# aquaclear 70 on 40 breeder



## AGUILAR3 (Jun 22, 2013)

Everyone I asked said that a AC 70 would be way too small for a 40g and that an extra circulation pump would be needed yet you are here telling us different? Can you post a vid? 

I had just about given up on getting a 70 and was going to go with the bigger AC 110.


----------



## schnebbles (Jan 10, 2015)

It's probably just me. I nearly got the bigger one too. Most people said to get a power head if you have one. I'll try a vid later never done one! I'm new to this, had fish before but always the filter that came with the tank so to me it seems strong.


----------



## brooksie321 (Jul 19, 2014)

You don't have the sponge in? I have an ac70, sunsun 304b and 240gph powerhead on a 30l.. flow is perfect!


----------



## FewestKitten896 (Dec 13, 2013)

I have an AC70 in my 40b. It really depends on where you put it. I put mine on the side and use 2 sponges and then that biomedia stuff in it. Being on the side I did add a powerhead to help kill dead spots. If it is placed in the back I don't need the additional power head.


----------



## BBradbury (Nov 8, 2010)

*Your Tank*

Hello schneb...

If you're a good water changer, you don't need strong filtration. The filter is just moving water that's already clean. An AC 50 would have been plenty. I have one on a 45 tall, but I change out half the tank water weekly. The waste from the fish and plants stays out of the tank. The more water you change and the more often you do it, the better.

As for as your lesser half, have him get his own tank.

B


----------



## Diana (Jan 14, 2010)

AC 70 is just fine in a 40 breeder. I have a 50 gallon with a 110, too. As noted above, placement is important. If you want gentler flow but similar filtration you could use 2 x AC 50, spread out across the back. 
Use the flow control, if you want less flow.


----------



## schnebbles (Jan 10, 2015)

I have it on the low setting. I have the sponge in, yes. It has to go on the back because of my glass lid.

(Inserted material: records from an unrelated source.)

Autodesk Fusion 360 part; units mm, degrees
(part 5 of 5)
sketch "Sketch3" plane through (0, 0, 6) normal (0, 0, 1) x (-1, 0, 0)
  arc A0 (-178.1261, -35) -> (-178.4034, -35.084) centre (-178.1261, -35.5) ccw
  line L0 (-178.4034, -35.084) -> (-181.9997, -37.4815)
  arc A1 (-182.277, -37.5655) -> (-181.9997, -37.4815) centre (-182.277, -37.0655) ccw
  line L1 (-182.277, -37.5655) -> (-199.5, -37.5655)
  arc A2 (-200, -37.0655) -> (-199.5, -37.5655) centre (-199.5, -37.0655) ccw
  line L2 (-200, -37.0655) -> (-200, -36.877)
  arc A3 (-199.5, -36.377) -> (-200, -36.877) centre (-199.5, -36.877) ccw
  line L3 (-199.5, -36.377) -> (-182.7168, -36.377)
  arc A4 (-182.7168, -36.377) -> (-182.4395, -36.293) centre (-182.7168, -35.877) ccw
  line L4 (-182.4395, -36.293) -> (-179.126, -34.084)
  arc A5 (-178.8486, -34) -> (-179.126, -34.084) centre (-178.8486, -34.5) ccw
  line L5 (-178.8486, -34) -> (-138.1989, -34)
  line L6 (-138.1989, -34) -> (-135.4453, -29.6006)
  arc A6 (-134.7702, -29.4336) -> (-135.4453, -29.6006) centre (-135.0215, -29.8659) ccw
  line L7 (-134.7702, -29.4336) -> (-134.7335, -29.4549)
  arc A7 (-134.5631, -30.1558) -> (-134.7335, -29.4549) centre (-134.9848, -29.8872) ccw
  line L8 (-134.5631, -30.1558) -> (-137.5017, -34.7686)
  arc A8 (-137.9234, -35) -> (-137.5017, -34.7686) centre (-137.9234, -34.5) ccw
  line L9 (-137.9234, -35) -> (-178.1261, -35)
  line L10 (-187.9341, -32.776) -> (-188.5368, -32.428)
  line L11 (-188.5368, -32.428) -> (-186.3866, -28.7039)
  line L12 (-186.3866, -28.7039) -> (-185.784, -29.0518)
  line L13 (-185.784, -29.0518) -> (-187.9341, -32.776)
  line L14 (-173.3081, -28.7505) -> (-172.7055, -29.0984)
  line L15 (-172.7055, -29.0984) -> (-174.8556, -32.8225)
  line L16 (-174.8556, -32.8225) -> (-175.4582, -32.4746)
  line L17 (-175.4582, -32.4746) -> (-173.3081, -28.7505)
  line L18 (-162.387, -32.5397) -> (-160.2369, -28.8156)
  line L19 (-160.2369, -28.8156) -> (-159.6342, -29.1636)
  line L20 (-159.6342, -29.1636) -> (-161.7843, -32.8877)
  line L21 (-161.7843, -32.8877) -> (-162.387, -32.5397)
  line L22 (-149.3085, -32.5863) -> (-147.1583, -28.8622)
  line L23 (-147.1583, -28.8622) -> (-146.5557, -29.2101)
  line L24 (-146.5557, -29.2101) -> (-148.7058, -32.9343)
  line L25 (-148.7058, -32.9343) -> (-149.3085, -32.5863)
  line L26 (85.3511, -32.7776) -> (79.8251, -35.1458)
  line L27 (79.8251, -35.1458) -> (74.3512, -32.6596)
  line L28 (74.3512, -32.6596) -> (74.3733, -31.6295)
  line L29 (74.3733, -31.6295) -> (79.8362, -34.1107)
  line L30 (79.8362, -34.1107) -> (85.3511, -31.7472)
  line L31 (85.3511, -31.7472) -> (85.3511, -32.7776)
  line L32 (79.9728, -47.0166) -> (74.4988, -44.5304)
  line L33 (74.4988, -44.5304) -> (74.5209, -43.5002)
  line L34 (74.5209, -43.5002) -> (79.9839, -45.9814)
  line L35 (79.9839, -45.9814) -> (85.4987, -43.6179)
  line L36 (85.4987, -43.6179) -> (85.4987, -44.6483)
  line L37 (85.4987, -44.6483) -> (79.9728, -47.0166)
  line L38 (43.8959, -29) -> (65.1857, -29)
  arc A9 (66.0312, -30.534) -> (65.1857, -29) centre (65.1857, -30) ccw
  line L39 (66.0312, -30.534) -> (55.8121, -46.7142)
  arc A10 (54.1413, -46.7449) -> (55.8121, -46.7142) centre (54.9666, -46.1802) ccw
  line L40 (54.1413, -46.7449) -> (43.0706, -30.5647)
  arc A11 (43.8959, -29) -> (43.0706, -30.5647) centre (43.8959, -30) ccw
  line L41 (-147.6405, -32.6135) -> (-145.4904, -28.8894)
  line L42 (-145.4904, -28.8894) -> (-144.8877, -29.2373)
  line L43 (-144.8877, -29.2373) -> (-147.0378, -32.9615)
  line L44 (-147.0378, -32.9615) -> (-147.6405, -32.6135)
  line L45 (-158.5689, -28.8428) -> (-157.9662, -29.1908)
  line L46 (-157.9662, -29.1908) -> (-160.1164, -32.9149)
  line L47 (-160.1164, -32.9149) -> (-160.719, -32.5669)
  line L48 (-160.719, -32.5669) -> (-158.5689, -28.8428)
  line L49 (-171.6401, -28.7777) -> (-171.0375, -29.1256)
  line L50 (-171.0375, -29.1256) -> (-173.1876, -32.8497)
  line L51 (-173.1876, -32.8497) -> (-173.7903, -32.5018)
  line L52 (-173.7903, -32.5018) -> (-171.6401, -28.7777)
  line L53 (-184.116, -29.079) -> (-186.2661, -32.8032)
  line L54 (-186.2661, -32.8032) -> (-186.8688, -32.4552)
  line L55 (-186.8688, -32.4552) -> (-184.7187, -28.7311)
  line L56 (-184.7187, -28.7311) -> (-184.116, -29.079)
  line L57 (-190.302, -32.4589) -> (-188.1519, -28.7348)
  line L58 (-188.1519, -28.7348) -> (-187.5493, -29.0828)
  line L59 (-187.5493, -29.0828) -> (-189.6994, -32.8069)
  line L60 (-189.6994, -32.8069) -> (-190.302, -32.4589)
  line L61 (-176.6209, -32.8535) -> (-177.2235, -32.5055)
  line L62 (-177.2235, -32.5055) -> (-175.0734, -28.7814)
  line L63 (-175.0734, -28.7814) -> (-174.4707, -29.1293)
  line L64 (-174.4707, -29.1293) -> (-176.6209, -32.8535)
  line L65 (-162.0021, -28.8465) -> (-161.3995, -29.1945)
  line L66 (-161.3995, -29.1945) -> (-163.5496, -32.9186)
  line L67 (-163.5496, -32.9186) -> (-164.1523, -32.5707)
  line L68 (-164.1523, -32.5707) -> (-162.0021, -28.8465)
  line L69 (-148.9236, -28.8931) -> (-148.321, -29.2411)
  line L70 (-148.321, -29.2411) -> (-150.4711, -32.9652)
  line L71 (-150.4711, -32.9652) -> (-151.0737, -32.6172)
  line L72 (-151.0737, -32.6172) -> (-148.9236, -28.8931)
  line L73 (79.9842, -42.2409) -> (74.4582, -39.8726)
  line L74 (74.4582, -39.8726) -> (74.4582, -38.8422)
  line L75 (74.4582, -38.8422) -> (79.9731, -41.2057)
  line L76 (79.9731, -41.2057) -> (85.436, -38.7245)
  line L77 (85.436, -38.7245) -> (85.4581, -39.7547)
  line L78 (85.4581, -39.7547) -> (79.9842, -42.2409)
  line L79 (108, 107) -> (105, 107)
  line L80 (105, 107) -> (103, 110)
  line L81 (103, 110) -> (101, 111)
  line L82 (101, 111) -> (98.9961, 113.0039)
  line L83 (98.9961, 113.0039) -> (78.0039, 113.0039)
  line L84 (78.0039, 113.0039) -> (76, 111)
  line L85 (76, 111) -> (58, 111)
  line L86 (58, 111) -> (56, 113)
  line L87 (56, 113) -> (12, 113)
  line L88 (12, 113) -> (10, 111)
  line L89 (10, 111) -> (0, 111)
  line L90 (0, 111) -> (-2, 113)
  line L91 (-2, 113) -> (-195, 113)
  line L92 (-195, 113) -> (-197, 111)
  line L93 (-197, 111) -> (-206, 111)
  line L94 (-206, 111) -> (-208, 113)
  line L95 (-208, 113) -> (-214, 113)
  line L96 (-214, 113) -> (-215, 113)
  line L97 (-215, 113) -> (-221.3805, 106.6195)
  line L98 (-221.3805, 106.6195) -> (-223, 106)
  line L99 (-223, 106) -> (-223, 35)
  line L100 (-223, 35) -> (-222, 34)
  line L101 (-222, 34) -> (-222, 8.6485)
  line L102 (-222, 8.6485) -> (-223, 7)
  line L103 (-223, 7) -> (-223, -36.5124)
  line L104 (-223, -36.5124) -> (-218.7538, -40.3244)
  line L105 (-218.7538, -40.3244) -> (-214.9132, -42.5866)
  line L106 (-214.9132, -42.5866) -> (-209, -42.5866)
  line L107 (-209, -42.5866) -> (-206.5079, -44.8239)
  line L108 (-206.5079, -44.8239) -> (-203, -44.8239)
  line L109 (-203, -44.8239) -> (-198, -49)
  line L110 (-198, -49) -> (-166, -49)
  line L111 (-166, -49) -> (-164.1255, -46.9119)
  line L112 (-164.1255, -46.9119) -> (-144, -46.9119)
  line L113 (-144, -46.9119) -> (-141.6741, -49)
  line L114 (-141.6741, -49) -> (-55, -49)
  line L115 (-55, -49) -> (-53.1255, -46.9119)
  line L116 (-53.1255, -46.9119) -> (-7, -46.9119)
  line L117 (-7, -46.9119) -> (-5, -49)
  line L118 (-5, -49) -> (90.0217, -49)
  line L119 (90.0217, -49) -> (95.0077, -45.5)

Bump: bbradbury - I think we had a misunderstanding on the tank! I thought it was cool for me to plant what I wanted and him and I have different taste (obviously!). He can pick a fish, lol! maybe 2

I guess the flow is ok then.


----------



## AGUILAR3 (Jun 22, 2013)

Would still love to see a video.


----------



## schnebbles (Jan 10, 2015)

do you know how I post a vid? I took one with low and high flow but not sure how to share it


----------



## fermentedhiker (Oct 28, 2011)

My general preference would be for two smaller ones(AC50 in this case) for the redundancy, ability for more different media, ability to alternate deep cleanings.


----------



## AGUILAR3 (Jun 22, 2013)

schnebbles said:


> do you know how I post a vid? I took one with low and high flow but not sure how to share it


You can either share it on your Facebook page (make sure it's set for "public") and post the link here or upload it to youtube once you create an account.


----------



## schnebbles (Jan 10, 2015)

ok. I just thought of something else too, I still have about 1" or so of water to fill the tank so it's probably splashing a little more than it will when I fill it.


----------



## shawnwaldon (Dec 5, 2013)

So here is a little bit of the facts for you. The recommended amount of turnover for filtration is between 7 and 10 times an hour. The Aquaclear 70 is rated at 300 gph. That means it is turning over a 40 gallon aquarium 7.5 times an hour which is at the lower end of the recommended range. The issues your having with the plants is one of the main reasons I am switching to a sump with two return lines. As far as your fish go they will be fine. You got to remember that most fish come from areas where there is a lot of current such as streams and rivers so having a lot of current in the aquarium is actually a good thing. If you are worried about it being too much I would get two 30's and put them on either side of the aquarium.


----------



## schnebbles (Jan 10, 2015)

I think it will be fine once I finish filling it. I know the plants should be able to handle it, I'll just put lower ones there.


----------



## Sluggo (Nov 6, 2010)

Buy an impeller for an AC 50, and put it in the 70. You can get them on Amazon.


----------



## Projectp (Oct 7, 2013)

I can't imagine it would be too much, I have an AC70 on a 5 gallon reef tank. Im sure the fish would be fine.


----------



## mjryan2176 (Nov 11, 2014)

I'm running an AC 50 on a ten gallon. My only issue with to much flow is if the taller plants, (wisteria) are directly in front of the filter output. I had to find the right spot for the filter on my ten.


----------



## Clear Water (Sep 20, 2014)

The problem I have with AC are they dump all the water in more less one spot straight down. I wish they would put just a little lip on it so it would be dispersed more across the whole tank.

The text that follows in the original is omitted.